Essentially, the girl in question prostituted herself (it's implied) just for a Chanel bag!

Charles is teaching Stella the importance of things and ensuring that she will have every advantage in life he can possibly arrange or influence. Primarily this is by being a good parent...something Molly didn't really have.

Molly is indicating her approval of the way Charles is raising Stella and suggesting that he keeps it up.

Molly is referencing common bias (unconscious or otherwise) toward women in their careers and tendency to act dependently on men in their personal lives, tragically losing sight of their own merit / self-worth. Molly is essentially telling Charles to push Stella to achieve all she can, so that she gets what she herself earns by her merit. In the movie, Molly acknowledges her appreciation for her father being hard on her to achieve all that she can.

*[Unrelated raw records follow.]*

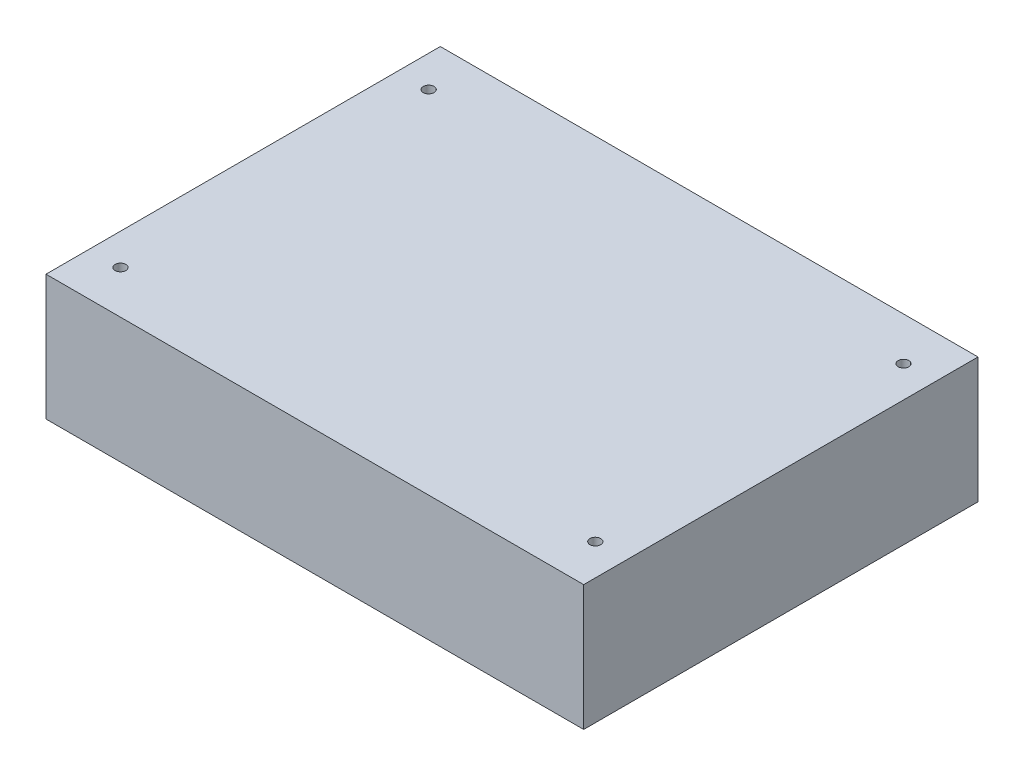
ISO-10303-21;
HEADER;
FILE_DESCRIPTION(('STEP AP214'),'2;1');
FILE_NAME('part.step','',(''),(''),'','','');
FILE_SCHEMA(('AUTOMOTIVE_DESIGN { 1 0 10303 214 1 1 1 1 }'));
ENDSEC;
DATA;
#1=APPLICATION_CONTEXT('core data for automotive mechanical design processes');
#2=APPLICATION_PROTOCOL_DEFINITION('international standard','automotive_design',2000,#1);
#3=PRODUCT_CONTEXT('',#1,'mechanical');
#4=PRODUCT('Part','Part','',(#3));
#5=PRODUCT_RELATED_PRODUCT_CATEGORY('part','',(#4));
#6=PRODUCT_DEFINITION_FORMATION('','',#4);
#7=PRODUCT_DEFINITION_CONTEXT('part definition',#1,'design');
#8=PRODUCT_DEFINITION('design','',#6,#7);
#9=PRODUCT_DEFINITION_SHAPE('','',#8);
#10=(LENGTH_UNIT() NAMED_UNIT(*) SI_UNIT(.MILLI.,.METRE.));
#11=(NAMED_UNIT(*) PLANE_ANGLE_UNIT() SI_UNIT($,.RADIAN.));
#12=(NAMED_UNIT(*) SI_UNIT($,.STERADIAN.) SOLID_ANGLE_UNIT());
#13=UNCERTAINTY_MEASURE_WITH_UNIT(LENGTH_MEASURE(1.E-05),#10,'distance_accuracy_value','');
#14=(GEOMETRIC_REPRESENTATION_CONTEXT(3) GLOBAL_UNCERTAINTY_ASSIGNED_CONTEXT((#13)) GLOBAL_UNIT_ASSIGNED_CONTEXT((#10,
#11,#12)) REPRESENTATION_CONTEXT('',''));
#15=CARTESIAN_POINT('',(0.,0.,0.));
#16=DIRECTION('',(0.,0.,1.));
#17=DIRECTION('',(1.,0.,0.));
#18=AXIS2_PLACEMENT_3D('',#15,#16,#17);
#19=CARTESIAN_POINT('',(75.,35.,55.));
#20=DIRECTION('',(-1.,0.,0.));
#21=DIRECTION('',(0.,0.,1.));
#22=AXIS2_PLACEMENT_3D('',#19,#20,#21);
#23=PLANE('',#22);
#24=DIRECTION('',(0.,0.,-1.));
#25=VECTOR('',#24,1.);
#26=CARTESIAN_POINT('',(75.,0.,55.));
#27=LINE('',#26,#25);
#28=CARTESIAN_POINT('',(75.,0.,55.));
#29=VERTEX_POINT('',#28);
#30=CARTESIAN_POINT('',(75.,0.,-55.));
#31=VERTEX_POINT('',#30);
#32=EDGE_CURVE('E114',#29,#31,#27,.T.);
#33=ORIENTED_EDGE('',*,*,#32,.T.);
#34=DIRECTION('',(0.,-1.,0.));
#35=VECTOR('',#34,1.);
#36=CARTESIAN_POINT('',(75.,35.,-55.));
#37=LINE('',#36,#35);
#38=CARTESIAN_POINT('',(75.,35.,-55.));
#39=VERTEX_POINT('',#38);
#40=EDGE_CURVE('E11',#39,#31,#37,.T.);
#41=ORIENTED_EDGE('',*,*,#40,.F.);
#42=DIRECTION('',(0.,0.,-1.));
#43=VECTOR('',#42,1.);
#44=CARTESIAN_POINT('',(75.,35.,55.));
#45=LINE('',#44,#43);
#46=CARTESIAN_POINT('',(75.,35.,55.));
#47=VERTEX_POINT('',#46);
#48=EDGE_CURVE('E98',#47,#39,#45,.T.);
#49=ORIENTED_EDGE('',*,*,#48,.F.);
#50=DIRECTION('',(0.,-1.,0.));
#51=VECTOR('',#50,1.);
#52=CARTESIAN_POINT('',(75.,35.,55.));
#53=LINE('',#52,#51);
#54=EDGE_CURVE('E110',#47,#29,#53,.T.);
#55=ORIENTED_EDGE('',*,*,#54,.T.);
#56=EDGE_LOOP('',(#33,#41,#49,#55));
#57=FACE_BOUND('',#56,.T.);
#58=ADVANCED_FACE('F46',(#57),#23,.F.);
#59=CARTESIAN_POINT('',(-75.,35.,-55.));
#60=DIRECTION('',(0.,0.,1.));
#61=DIRECTION('',(1.,0.,0.));
#62=AXIS2_PLACEMENT_3D('',#59,#60,#61);
#63=PLANE('',#62);
#64=DIRECTION('',(-1.,0.,0.));
#65=VECTOR('',#64,1.);
#66=CARTESIAN_POINT('',(-75.,0.,-55.));
#67=LINE('',#66,#65);
#68=CARTESIAN_POINT('',(-75.,0.,-55.));
#69=VERTEX_POINT('',#68);
#70=EDGE_CURVE('E103',#31,#69,#67,.T.);
#71=ORIENTED_EDGE('',*,*,#70,.T.);
#72=DIRECTION('',(0.,-1.,0.));
#73=VECTOR('',#72,1.);
#74=CARTESIAN_POINT('',(-75.,35.,-55.));
#75=LINE('',#74,#73);
#76=CARTESIAN_POINT('',(-75.,35.,-55.));
#77=VERTEX_POINT('',#76);
#78=EDGE_CURVE('E55',#77,#69,#75,.T.);
#79=ORIENTED_EDGE('',*,*,#78,.F.);
#80=DIRECTION('',(-1.,0.,0.));
#81=VECTOR('',#80,1.);
#82=CARTESIAN_POINT('',(-75.,35.,-55.));
#83=LINE('',#82,#81);
#84=EDGE_CURVE('E93',#39,#77,#83,.T.);
#85=ORIENTED_EDGE('',*,*,#84,.F.);
#86=ORIENTED_EDGE('',*,*,#40,.T.);
#87=EDGE_LOOP('',(#71,#79,#85,#86));
#88=FACE_BOUND('',#87,.T.);
#89=ADVANCED_FACE('F102',(#88),#63,.F.);
#90=CARTESIAN_POINT('',(-75.,35.,55.));
#91=DIRECTION('',(1.,0.,0.));
#92=DIRECTION('',(0.,0.,-1.));
#93=AXIS2_PLACEMENT_3D('',#90,#91,#92);
#94=PLANE('',#93);
#95=DIRECTION('',(0.,0.,1.));
#96=VECTOR('',#95,1.);
#97=CARTESIAN_POINT('',(-75.,0.,55.));
#98=LINE('',#97,#96);
#99=CARTESIAN_POINT('',(-75.,0.,55.));
#100=VERTEX_POINT('',#99);
#101=EDGE_CURVE('E80',#69,#100,#98,.T.);
#102=ORIENTED_EDGE('',*,*,#101,.T.);
#103=DIRECTION('',(0.,-1.,0.));
#104=VECTOR('',#103,1.);
#105=CARTESIAN_POINT('',(-75.,35.,55.));
#106=LINE('',#105,#104);
#107=CARTESIAN_POINT('',(-75.,35.,55.));
#108=VERTEX_POINT('',#107);
#109=EDGE_CURVE('E105',#108,#100,#106,.T.);
#110=ORIENTED_EDGE('',*,*,#109,.F.);
#111=DIRECTION('',(0.,0.,1.));
#112=VECTOR('',#111,1.);
#113=CARTESIAN_POINT('',(-75.,35.,55.));
#114=LINE('',#113,#112);
#115=EDGE_CURVE('E96',#77,#108,#114,.T.);
#116=ORIENTED_EDGE('',*,*,#115,.F.);
#117=ORIENTED_EDGE('',*,*,#78,.T.);
#118=EDGE_LOOP('',(#102,#110,#116,#117));
#119=FACE_BOUND('',#118,.T.);
#120=ADVANCED_FACE('F106',(#119),#94,.F.);
#121=CARTESIAN_POINT('',(-75.,35.,55.));
#122=DIRECTION('',(0.,0.,-1.));
#123=DIRECTION('',(-1.,0.,0.));
#124=AXIS2_PLACEMENT_3D('',#121,#122,#123);
#125=PLANE('',#124);
#126=DIRECTION('',(1.,0.,0.));
#127=VECTOR('',#126,1.);
#128=CARTESIAN_POINT('',(-75.,0.,55.));
#129=LINE('',#128,#127);
#130=EDGE_CURVE('E86',#100,#29,#129,.T.);
#131=ORIENTED_EDGE('',*,*,#130,.T.);
#132=ORIENTED_EDGE('',*,*,#54,.F.);
#133=DIRECTION('',(1.,0.,0.));
#134=VECTOR('',#133,1.);
#135=CARTESIAN_POINT('',(-75.,35.,55.));
#136=LINE('',#135,#134);
#137=EDGE_CURVE('E63',#108,#47,#136,.T.);
#138=ORIENTED_EDGE('',*,*,#137,.F.);
#139=ORIENTED_EDGE('',*,*,#109,.T.);
#140=EDGE_LOOP('',(#131,#132,#138,#139));
#141=FACE_BOUND('',#140,.T.);
#142=ADVANCED_FACE('F128',(#141),#125,.F.);
#143=CARTESIAN_POINT('',(0.,35.,0.));
#144=DIRECTION('',(0.,-1.,0.));
#145=DIRECTION('',(0.,0.,-1.));
#146=AXIS2_PLACEMENT_3D('',#143,#144,#145);
#147=PLANE('',#146);
#148=CARTESIAN_POINT('',(66.2305,35.,-42.9895));
#149=DIRECTION('',(0.,1.,0.));
#150=DIRECTION('',(0.,0.,1.));
#151=AXIS2_PLACEMENT_3D('',#148,#149,#150);
#152=CIRCLE('',#151,1.5);
#153=CARTESIAN_POINT('',(66.2305,35.,-41.4895));
#154=VERTEX_POINT('',#153);
#155=EDGE_CURVE('E147',#154,#154,#152,.T.);
#156=ORIENTED_EDGE('',*,*,#155,.F.);
#157=EDGE_LOOP('',(#156));
#158=FACE_BOUND('',#157,.T.);
#159=CARTESIAN_POINT('',(66.2305,35.,42.9895));
#160=DIRECTION('',(0.,1.,0.));
#161=DIRECTION('',(0.,0.,1.));
#162=AXIS2_PLACEMENT_3D('',#159,#160,#161);
#163=CIRCLE('',#162,1.5);
#164=CARTESIAN_POINT('',(66.2305,35.,44.4895));
#165=VERTEX_POINT('',#164);
#166=EDGE_CURVE('E155',#165,#165,#163,.T.);
#167=ORIENTED_EDGE('',*,*,#166,.F.);
#168=EDGE_LOOP('',(#167));
#169=FACE_BOUND('',#168,.T.);
#170=CARTESIAN_POINT('',(-66.2305,35.,42.9895));
#171=DIRECTION('',(0.,1.,0.));
#172=DIRECTION('',(0.,0.,1.));
#173=AXIS2_PLACEMENT_3D('',#170,#171,#172);
#174=CIRCLE('',#173,1.5);
#175=CARTESIAN_POINT('',(-66.2305,35.,44.4895));
#176=VERTEX_POINT('',#175);
#177=EDGE_CURVE('E139',#176,#176,#174,.T.);
#178=ORIENTED_EDGE('',*,*,#177,.F.);
#179=EDGE_LOOP('',(#178));
#180=FACE_BOUND('',#179,.T.);
#181=CARTESIAN_POINT('',(-66.2305,35.,-42.9895));
#182=DIRECTION('',(0.,1.,0.));
#183=DIRECTION('',(0.,0.,1.));
#184=AXIS2_PLACEMENT_3D('',#181,#182,#183);
#185=CIRCLE('',#184,1.5);
#186=CARTESIAN_POINT('',(-66.2305,35.,-41.4895));
#187=VERTEX_POINT('',#186);
#188=EDGE_CURVE('E135',#187,#187,#185,.T.);
#189=ORIENTED_EDGE('',*,*,#188,.F.);
#190=EDGE_LOOP('',(#189));
#191=FACE_BOUND('',#190,.T.);
#192=ORIENTED_EDGE('',*,*,#48,.T.);
#193=ORIENTED_EDGE('',*,*,#84,.T.);
#194=ORIENTED_EDGE('',*,*,#115,.T.);
#195=ORIENTED_EDGE('',*,*,#137,.T.);
#196=EDGE_LOOP('',(#192,#193,#194,#195));
#197=FACE_BOUND('',#196,.T.);
#198=ADVANCED_FACE('F94',(#158,#169,#180,#191,#197),#147,.F.);
#199=CARTESIAN_POINT('',(0.,0.,0.));
#200=DIRECTION('',(0.,-1.,0.));
#201=DIRECTION('',(0.,0.,-1.));
#202=AXIS2_PLACEMENT_3D('',#199,#200,#201);
#203=PLANE('',#202);
#204=CARTESIAN_POINT('',(66.2305,0.,-42.9895));
#205=DIRECTION('',(0.,1.,0.));
#206=DIRECTION('',(0.,0.,1.));
#207=AXIS2_PLACEMENT_3D('',#204,#205,#206);
#208=CIRCLE('',#207,1.5);
#209=CARTESIAN_POINT('',(66.2305,0.,-41.4895));
#210=VERTEX_POINT('',#209);
#211=EDGE_CURVE('E143',#210,#210,#208,.T.);
#212=ORIENTED_EDGE('',*,*,#211,.T.);
#213=EDGE_LOOP('',(#212));
#214=FACE_BOUND('',#213,.T.);
#215=CARTESIAN_POINT('',(66.2305,0.,42.9895));
#216=DIRECTION('',(0.,1.,0.));
#217=DIRECTION('',(0.,0.,1.));
#218=AXIS2_PLACEMENT_3D('',#215,#216,#217);
#219=CIRCLE('',#218,1.5);
#220=CARTESIAN_POINT('',(66.2305,0.,44.4895));
#221=VERTEX_POINT('',#220);
#222=EDGE_CURVE('E151',#221,#221,#219,.T.);
#223=ORIENTED_EDGE('',*,*,#222,.T.);
#224=EDGE_LOOP('',(#223));
#225=FACE_BOUND('',#224,.T.);
#226=CARTESIAN_POINT('',(-66.2305,0.,42.9895));
#227=DIRECTION('',(0.,1.,0.));
#228=DIRECTION('',(0.,0.,1.));
#229=AXIS2_PLACEMENT_3D('',#226,#227,#228);
#230=CIRCLE('',#229,1.5);
#231=CARTESIAN_POINT('',(-66.2305,0.,44.4895));
#232=VERTEX_POINT('',#231);
#233=EDGE_CURVE('E159',#232,#232,#230,.T.);
#234=ORIENTED_EDGE('',*,*,#233,.T.);
#235=EDGE_LOOP('',(#234));
#236=FACE_BOUND('',#235,.T.);
#237=CARTESIAN_POINT('',(-66.2305,0.,-42.9895));
#238=DIRECTION('',(0.,1.,0.));
#239=DIRECTION('',(0.,0.,1.));
#240=AXIS2_PLACEMENT_3D('',#237,#238,#239);
#241=CIRCLE('',#240,1.5);
#242=CARTESIAN_POINT('',(-66.2305,0.,-41.4895));
#243=VERTEX_POINT('',#242);
#244=EDGE_CURVE('E118',#243,#243,#241,.T.);
#245=ORIENTED_EDGE('',*,*,#244,.T.);
#246=EDGE_LOOP('',(#245));
#247=FACE_BOUND('',#246,.T.);
#248=ORIENTED_EDGE('',*,*,#32,.F.);
#249=ORIENTED_EDGE('',*,*,#130,.F.);
#250=ORIENTED_EDGE('',*,*,#101,.F.);
#251=ORIENTED_EDGE('',*,*,#70,.F.);
#252=EDGE_LOOP('',(#248,#249,#250,#251));
#253=FACE_BOUND('',#252,.T.);
#254=ADVANCED_FACE('F131',(#214,#225,#236,#247,#253),#203,.T.);
#255=CARTESIAN_POINT('',(-66.2305,0.,-42.9895));
#256=DIRECTION('',(0.,1.,0.));
#257=DIRECTION('',(0.,0.,1.));
#258=AXIS2_PLACEMENT_3D('',#255,#256,#257);
#259=CYLINDRICAL_SURFACE('',#258,1.5);
#260=ORIENTED_EDGE('',*,*,#244,.F.);
#261=EDGE_LOOP('',(#260));
#262=FACE_BOUND('',#261,.T.);
#263=ORIENTED_EDGE('',*,*,#188,.T.);
#264=EDGE_LOOP('',(#263));
#265=FACE_BOUND('',#264,.T.);
#266=ADVANCED_FACE('F175',(#262,#265),#259,.F.);
#267=CARTESIAN_POINT('',(-66.2305,0.,42.9895));
#268=DIRECTION('',(0.,1.,0.));
#269=DIRECTION('',(0.,0.,1.));
#270=AXIS2_PLACEMENT_3D('',#267,#268,#269);
#271=CYLINDRICAL_SURFACE('',#270,1.5);
#272=ORIENTED_EDGE('',*,*,#233,.F.);
#273=EDGE_LOOP('',(#272));
#274=FACE_BOUND('',#273,.T.);
#275=ORIENTED_EDGE('',*,*,#177,.T.);
#276=EDGE_LOOP('',(#275));
#277=FACE_BOUND('',#276,.T.);
#278=ADVANCED_FACE('F167',(#274,#277),#271,.F.);
#279=CARTESIAN_POINT('',(66.2305,0.,42.9895));
#280=DIRECTION('',(0.,1.,0.));
#281=DIRECTION('',(0.,0.,1.));
#282=AXIS2_PLACEMENT_3D('',#279,#280,#281);
#283=CYLINDRICAL_SURFACE('',#282,1.5);
#284=ORIENTED_EDGE('',*,*,#222,.F.);
#285=EDGE_LOOP('',(#284));
#286=FACE_BOUND('',#285,.T.);
#287=ORIENTED_EDGE('',*,*,#166,.T.);
#288=EDGE_LOOP('',(#287));
#289=FACE_BOUND('',#288,.T.);
#290=ADVANCED_FACE('F183',(#286,#289),#283,.F.);
#291=CARTESIAN_POINT('',(66.2305,0.,-42.9895));
#292=DIRECTION('',(0.,1.,0.));
#293=DIRECTION('',(0.,0.,1.));
#294=AXIS2_PLACEMENT_3D('',#291,#292,#293);
#295=CYLINDRICAL_SURFACE('',#294,1.5);
#296=ORIENTED_EDGE('',*,*,#211,.F.);
#297=EDGE_LOOP('',(#296));
#298=FACE_BOUND('',#297,.T.);
#299=ORIENTED_EDGE('',*,*,#155,.T.);
#300=EDGE_LOOP('',(#299));
#301=FACE_BOUND('',#300,.T.);
#302=ADVANCED_FACE('F234',(#298,#301),#295,.F.);
#303=CLOSED_SHELL('',(#58,#89,#120,#142,#198,#254,#266,#278,#290,#302));
#304=MANIFOLD_SOLID_BREP('B2',#303);
#305=ADVANCED_BREP_SHAPE_REPRESENTATION('',(#18,#304),#14);
#306=SHAPE_DEFINITION_REPRESENTATION(#9,#305);
ENDSEC;
END-ISO-10303-21;

However, Molly notes that she pushed herself even further on her own, neglecting law school opportunities, because she, unlike her brothers, figured out that her father had not been loyal to her mother. As a result, she pushed herself to wait tables and neglect start from the bottom to sustain herself so that she knew she herself owned all of her accomplishments, not her father / ski coach or anyone else (male or female).

Molly is implying that Stella will benefit from Charles pushing her like Molly's father had pushed her, plus the additional push she'd given herself to ensure that all of her achievement was hers alone...

With this, I reference Molly's quote from John Proctor's character in Arthur Miller's play, "The Crucible," stating that by leaving all names of the dishonest people (mostly men, including Russian and Italian mafia members) in her autobiography, she was protecting her own identity, not any of their names.